Procedure Code (Cap.7).

55Q Offences relating to law enforcement officers

(1) A person commits an offence if the person:

(a) assaults, obstructs or hinders a law enforcement officer performing his or her function; or

(b) aids or incites another person to assault, obstruct or hinder a law enforcement officer performing his

or her function; or

(c) uses abusive, threatening or insulting language to a law enforcement officer performing his or her

function; or

(d) if required by a law enforcement officer to give or produce information or to answer a question:

(i) gives, produces or provides false information; or

(ii) fails to comply with the requirement to the best of the person’s knowledge, information and belief.

Maximum penalty: 20,000 penalty units or imprisonment for 5 years, or both

(2) A person commits an offence if:

(a) the person is a law enforcement officer; and

(b) the person directly or indirectly asks for or takes an unlawful reward or payment.

Maximum penalty: 50,000 penalty units or imprisonment for 10years, or both

(3) A person commits an offence if the person directly or indirectly offers or gives a law enforcement officer an unlawful reward or payment.

Maximum penalty: 50,000 penalty units or imprisonment for 10 years, or both

Division 4 Detention of persons

55R City Council may detain persons

(1) The City Council:

(a) may detain persons aged 18 years or more arrested by law enforcement officers; and

(b) may establish facilities for detaining those persons; and

(c) has a duty to take care of and protect the persons detained and must fulfil that duty.
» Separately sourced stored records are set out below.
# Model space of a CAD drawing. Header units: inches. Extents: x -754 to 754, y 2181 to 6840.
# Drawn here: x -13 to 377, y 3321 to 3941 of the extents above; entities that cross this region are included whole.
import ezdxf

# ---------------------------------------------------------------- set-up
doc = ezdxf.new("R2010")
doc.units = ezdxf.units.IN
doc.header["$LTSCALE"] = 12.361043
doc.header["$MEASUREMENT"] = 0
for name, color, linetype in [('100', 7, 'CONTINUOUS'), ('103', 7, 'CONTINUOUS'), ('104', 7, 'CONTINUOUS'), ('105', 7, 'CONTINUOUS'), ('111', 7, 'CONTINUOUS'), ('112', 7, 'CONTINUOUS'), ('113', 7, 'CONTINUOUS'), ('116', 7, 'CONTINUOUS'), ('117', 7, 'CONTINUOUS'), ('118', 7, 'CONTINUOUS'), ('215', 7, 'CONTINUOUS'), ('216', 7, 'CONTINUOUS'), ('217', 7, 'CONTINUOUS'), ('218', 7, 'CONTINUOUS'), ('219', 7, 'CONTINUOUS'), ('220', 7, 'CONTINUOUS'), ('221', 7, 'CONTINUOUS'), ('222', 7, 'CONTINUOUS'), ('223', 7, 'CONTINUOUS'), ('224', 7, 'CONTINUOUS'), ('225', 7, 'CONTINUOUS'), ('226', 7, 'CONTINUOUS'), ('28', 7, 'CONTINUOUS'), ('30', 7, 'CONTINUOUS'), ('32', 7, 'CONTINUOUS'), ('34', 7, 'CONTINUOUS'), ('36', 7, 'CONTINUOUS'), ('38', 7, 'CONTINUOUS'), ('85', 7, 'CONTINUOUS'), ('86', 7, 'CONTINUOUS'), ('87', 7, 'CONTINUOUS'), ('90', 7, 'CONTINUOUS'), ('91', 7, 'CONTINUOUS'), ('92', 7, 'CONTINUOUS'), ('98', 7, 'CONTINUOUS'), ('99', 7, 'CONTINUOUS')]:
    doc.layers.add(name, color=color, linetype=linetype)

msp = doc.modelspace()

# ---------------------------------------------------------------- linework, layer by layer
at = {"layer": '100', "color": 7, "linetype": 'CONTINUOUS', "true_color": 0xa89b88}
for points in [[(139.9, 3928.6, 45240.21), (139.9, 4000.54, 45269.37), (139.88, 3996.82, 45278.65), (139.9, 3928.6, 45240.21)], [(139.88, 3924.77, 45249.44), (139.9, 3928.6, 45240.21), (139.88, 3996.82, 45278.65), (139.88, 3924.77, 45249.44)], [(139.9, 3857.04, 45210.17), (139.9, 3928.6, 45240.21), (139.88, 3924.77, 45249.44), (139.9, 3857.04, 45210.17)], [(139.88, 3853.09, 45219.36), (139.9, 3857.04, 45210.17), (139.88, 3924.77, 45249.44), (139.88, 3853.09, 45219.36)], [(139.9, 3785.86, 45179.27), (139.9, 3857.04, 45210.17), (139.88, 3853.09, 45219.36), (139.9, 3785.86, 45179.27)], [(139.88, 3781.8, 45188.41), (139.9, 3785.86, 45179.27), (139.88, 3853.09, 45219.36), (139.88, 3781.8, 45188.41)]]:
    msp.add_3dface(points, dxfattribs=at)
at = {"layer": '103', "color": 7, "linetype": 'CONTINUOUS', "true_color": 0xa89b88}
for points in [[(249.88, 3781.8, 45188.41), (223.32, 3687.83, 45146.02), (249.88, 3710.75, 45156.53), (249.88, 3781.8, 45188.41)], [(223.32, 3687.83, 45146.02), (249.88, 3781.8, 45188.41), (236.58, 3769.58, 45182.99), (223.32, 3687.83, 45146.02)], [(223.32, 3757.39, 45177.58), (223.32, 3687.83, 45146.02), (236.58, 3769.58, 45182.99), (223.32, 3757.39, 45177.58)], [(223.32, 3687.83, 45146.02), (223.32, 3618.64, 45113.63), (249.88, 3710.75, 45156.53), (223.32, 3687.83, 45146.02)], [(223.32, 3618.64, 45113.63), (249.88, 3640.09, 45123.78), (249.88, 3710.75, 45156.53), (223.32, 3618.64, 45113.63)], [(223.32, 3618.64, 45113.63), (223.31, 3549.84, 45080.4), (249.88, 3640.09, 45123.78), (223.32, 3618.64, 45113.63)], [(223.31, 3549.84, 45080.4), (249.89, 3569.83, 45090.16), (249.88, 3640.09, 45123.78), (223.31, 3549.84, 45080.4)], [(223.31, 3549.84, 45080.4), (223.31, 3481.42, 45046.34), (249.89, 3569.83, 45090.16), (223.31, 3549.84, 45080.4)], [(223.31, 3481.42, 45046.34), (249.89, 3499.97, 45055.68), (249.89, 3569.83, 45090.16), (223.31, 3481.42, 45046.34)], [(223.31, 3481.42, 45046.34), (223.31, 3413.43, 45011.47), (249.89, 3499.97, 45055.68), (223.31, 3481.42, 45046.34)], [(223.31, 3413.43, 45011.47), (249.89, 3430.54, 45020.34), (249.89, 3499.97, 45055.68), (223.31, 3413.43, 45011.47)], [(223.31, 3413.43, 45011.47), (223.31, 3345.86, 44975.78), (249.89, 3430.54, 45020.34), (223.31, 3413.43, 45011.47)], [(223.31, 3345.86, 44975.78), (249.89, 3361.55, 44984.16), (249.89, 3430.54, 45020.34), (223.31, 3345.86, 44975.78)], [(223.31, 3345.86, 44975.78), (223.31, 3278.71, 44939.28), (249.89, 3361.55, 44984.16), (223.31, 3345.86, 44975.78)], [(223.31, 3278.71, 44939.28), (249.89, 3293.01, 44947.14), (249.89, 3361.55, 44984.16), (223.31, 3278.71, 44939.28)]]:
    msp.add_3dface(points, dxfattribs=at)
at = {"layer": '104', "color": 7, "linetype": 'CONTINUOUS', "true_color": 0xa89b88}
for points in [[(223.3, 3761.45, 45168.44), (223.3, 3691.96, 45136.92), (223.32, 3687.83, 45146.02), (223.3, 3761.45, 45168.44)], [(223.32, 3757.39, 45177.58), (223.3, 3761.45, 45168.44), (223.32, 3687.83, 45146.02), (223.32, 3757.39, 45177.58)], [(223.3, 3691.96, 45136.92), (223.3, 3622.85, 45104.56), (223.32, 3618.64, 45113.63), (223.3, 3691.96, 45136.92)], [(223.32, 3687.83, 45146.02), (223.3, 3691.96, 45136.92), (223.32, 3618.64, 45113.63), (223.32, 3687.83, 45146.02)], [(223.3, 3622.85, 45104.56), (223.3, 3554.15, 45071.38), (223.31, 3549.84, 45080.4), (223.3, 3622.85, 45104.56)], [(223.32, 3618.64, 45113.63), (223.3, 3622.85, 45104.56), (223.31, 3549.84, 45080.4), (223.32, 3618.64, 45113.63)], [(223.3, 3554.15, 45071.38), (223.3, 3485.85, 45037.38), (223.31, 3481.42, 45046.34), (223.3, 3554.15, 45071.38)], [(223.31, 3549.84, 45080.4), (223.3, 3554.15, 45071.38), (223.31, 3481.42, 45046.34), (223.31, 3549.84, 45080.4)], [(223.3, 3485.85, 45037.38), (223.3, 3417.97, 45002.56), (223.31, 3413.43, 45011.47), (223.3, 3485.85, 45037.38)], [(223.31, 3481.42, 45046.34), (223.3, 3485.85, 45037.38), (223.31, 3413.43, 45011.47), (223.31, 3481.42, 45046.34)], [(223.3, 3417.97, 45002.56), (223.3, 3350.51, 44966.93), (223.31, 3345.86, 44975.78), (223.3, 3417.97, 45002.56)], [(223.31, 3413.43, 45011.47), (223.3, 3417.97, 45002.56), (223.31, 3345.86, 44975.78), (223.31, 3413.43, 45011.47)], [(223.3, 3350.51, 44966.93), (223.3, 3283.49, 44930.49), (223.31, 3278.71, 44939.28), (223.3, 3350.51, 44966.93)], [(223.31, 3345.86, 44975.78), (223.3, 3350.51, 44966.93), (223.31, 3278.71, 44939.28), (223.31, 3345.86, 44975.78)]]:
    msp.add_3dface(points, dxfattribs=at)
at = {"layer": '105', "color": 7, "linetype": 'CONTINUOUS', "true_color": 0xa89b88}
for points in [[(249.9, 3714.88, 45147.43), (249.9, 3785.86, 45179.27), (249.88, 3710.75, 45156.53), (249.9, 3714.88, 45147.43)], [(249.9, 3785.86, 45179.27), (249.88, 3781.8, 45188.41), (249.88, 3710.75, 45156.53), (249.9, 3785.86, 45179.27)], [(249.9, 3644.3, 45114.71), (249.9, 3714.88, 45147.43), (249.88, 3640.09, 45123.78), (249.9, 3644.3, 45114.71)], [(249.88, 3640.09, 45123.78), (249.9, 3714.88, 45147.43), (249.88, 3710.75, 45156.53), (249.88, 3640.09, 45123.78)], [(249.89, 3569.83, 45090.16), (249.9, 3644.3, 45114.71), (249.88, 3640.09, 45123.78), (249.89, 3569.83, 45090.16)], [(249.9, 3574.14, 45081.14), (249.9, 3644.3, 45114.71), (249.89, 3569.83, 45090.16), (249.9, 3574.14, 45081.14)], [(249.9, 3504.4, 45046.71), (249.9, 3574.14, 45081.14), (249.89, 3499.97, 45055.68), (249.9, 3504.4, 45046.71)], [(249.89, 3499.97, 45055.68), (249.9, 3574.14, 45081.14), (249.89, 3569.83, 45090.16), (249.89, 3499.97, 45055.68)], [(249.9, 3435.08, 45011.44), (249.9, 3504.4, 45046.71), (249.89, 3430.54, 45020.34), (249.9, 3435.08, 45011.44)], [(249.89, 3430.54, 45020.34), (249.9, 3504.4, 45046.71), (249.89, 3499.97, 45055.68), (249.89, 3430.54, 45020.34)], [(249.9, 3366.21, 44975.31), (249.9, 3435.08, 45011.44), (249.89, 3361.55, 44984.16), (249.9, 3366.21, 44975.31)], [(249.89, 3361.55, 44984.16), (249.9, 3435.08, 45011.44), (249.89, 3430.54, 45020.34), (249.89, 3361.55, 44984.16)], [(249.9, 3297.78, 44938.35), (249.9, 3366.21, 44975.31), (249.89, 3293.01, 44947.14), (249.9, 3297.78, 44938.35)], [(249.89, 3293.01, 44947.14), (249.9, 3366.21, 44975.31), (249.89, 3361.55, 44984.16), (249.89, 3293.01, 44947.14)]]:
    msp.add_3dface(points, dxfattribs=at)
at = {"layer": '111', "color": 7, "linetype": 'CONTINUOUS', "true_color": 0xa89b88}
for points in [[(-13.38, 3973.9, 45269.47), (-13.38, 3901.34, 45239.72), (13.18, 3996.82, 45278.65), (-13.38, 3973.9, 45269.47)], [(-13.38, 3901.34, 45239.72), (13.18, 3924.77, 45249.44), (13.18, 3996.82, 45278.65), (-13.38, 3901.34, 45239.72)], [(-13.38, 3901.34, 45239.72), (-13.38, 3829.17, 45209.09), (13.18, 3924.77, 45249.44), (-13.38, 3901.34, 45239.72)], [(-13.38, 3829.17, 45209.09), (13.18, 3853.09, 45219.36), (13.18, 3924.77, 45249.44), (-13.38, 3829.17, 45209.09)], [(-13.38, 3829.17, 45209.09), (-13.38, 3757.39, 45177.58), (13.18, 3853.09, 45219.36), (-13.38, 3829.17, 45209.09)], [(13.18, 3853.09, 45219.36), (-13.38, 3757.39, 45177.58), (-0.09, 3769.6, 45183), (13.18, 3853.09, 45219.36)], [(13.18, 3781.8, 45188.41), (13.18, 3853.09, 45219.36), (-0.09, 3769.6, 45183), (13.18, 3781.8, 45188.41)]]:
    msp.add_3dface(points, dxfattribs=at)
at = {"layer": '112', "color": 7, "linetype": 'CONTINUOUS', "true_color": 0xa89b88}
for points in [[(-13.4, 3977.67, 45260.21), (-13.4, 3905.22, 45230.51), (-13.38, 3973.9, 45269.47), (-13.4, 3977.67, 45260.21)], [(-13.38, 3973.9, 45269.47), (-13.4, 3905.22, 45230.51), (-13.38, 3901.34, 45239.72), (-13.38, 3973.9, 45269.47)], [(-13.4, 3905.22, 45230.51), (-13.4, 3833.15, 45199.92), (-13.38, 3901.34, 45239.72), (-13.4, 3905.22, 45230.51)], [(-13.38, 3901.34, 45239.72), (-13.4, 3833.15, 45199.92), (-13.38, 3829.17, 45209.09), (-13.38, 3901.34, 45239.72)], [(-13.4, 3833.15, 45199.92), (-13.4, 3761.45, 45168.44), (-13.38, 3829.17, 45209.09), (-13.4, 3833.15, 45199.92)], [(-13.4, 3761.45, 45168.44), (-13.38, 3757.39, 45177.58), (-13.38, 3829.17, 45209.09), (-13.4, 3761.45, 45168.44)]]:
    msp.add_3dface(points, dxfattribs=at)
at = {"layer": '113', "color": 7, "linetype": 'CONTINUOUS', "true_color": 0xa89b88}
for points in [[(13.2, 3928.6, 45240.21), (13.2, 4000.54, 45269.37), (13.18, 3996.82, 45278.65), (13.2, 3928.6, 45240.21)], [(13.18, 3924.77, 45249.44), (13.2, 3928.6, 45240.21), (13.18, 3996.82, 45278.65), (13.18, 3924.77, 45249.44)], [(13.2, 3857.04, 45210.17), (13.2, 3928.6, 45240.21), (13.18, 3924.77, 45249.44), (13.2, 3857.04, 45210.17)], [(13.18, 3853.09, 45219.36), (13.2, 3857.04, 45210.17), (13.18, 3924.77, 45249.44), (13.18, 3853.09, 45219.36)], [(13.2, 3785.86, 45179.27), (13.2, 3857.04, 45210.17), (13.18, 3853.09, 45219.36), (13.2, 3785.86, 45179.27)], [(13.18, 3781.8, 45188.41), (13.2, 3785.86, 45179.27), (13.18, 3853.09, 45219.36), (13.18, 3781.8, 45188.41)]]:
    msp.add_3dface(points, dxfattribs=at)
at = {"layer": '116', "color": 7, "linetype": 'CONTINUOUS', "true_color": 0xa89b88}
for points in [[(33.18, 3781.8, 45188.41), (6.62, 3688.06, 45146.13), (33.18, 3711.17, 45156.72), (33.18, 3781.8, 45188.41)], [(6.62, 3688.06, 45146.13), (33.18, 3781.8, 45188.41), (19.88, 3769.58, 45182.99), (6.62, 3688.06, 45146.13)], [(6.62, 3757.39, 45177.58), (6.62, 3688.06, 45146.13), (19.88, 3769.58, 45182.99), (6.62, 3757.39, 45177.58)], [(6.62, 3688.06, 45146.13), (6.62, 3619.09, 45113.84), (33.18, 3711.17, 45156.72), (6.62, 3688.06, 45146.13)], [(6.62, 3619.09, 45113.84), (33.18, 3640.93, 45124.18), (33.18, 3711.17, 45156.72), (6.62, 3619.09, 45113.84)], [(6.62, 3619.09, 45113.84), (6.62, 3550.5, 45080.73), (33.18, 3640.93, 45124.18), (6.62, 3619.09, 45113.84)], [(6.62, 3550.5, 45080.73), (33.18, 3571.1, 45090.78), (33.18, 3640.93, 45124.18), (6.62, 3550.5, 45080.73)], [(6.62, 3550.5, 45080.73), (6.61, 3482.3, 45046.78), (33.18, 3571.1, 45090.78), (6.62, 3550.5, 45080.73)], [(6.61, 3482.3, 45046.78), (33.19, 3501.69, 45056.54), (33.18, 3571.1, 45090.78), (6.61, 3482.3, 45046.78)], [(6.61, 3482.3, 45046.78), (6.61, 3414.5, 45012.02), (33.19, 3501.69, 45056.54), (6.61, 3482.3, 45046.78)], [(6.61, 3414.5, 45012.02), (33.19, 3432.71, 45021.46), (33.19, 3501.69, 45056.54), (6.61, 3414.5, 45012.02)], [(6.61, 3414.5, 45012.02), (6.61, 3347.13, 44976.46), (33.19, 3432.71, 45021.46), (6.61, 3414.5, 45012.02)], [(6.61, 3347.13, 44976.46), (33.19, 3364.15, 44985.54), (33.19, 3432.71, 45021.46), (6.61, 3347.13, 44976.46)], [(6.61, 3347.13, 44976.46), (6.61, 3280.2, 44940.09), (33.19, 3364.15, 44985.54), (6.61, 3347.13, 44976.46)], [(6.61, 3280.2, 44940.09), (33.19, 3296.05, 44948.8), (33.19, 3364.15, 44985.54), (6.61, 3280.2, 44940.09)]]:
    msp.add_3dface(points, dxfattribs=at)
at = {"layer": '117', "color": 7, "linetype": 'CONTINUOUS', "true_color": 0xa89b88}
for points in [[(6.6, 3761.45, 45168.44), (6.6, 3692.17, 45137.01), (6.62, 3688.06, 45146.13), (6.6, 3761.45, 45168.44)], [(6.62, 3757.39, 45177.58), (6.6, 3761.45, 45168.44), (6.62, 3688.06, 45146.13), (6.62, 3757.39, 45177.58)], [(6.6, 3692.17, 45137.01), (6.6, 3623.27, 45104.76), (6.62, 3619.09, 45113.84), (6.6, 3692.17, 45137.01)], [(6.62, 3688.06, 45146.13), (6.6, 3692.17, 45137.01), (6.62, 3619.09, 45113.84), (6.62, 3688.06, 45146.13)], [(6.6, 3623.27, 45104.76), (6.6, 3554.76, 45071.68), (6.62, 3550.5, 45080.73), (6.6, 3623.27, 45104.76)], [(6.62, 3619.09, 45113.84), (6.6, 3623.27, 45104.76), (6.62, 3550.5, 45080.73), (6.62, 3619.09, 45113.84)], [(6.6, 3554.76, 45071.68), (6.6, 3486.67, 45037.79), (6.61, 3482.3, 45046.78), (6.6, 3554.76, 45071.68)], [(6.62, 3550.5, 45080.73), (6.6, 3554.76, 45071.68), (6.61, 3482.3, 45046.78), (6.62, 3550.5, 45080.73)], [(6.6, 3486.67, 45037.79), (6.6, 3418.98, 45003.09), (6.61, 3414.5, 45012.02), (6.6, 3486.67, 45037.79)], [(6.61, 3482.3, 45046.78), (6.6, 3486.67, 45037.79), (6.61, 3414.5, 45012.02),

(2) The detention of a person under this section must be in accordance with:

(a) the Constitution; and

(b) the United Nations Standard Minimum Rules for Treatment of Prisoners (General Assembly

resolution 70/175, adopted 17 December 2015).

(3) The manner of construction of the City Council's detention facilities must be to a standard and in a manner that enables the City Council to comply with subsection (2).

55S City Council procedures for detaining persons

(1) Where the City Council establishes detention facilities, the City Council must:

(a) establish procedures for:

(i) admitting and managing detainees, including their access to visitors and religious observance; and

(ii) maintaining good order and security at the facilities; and

(iii) managing the health and welfare of the persons detained; and

(b) establish and maintain records of detained person's identity and reason for the person's detention, warrants, appearances, sentences and other information about the detention of the person.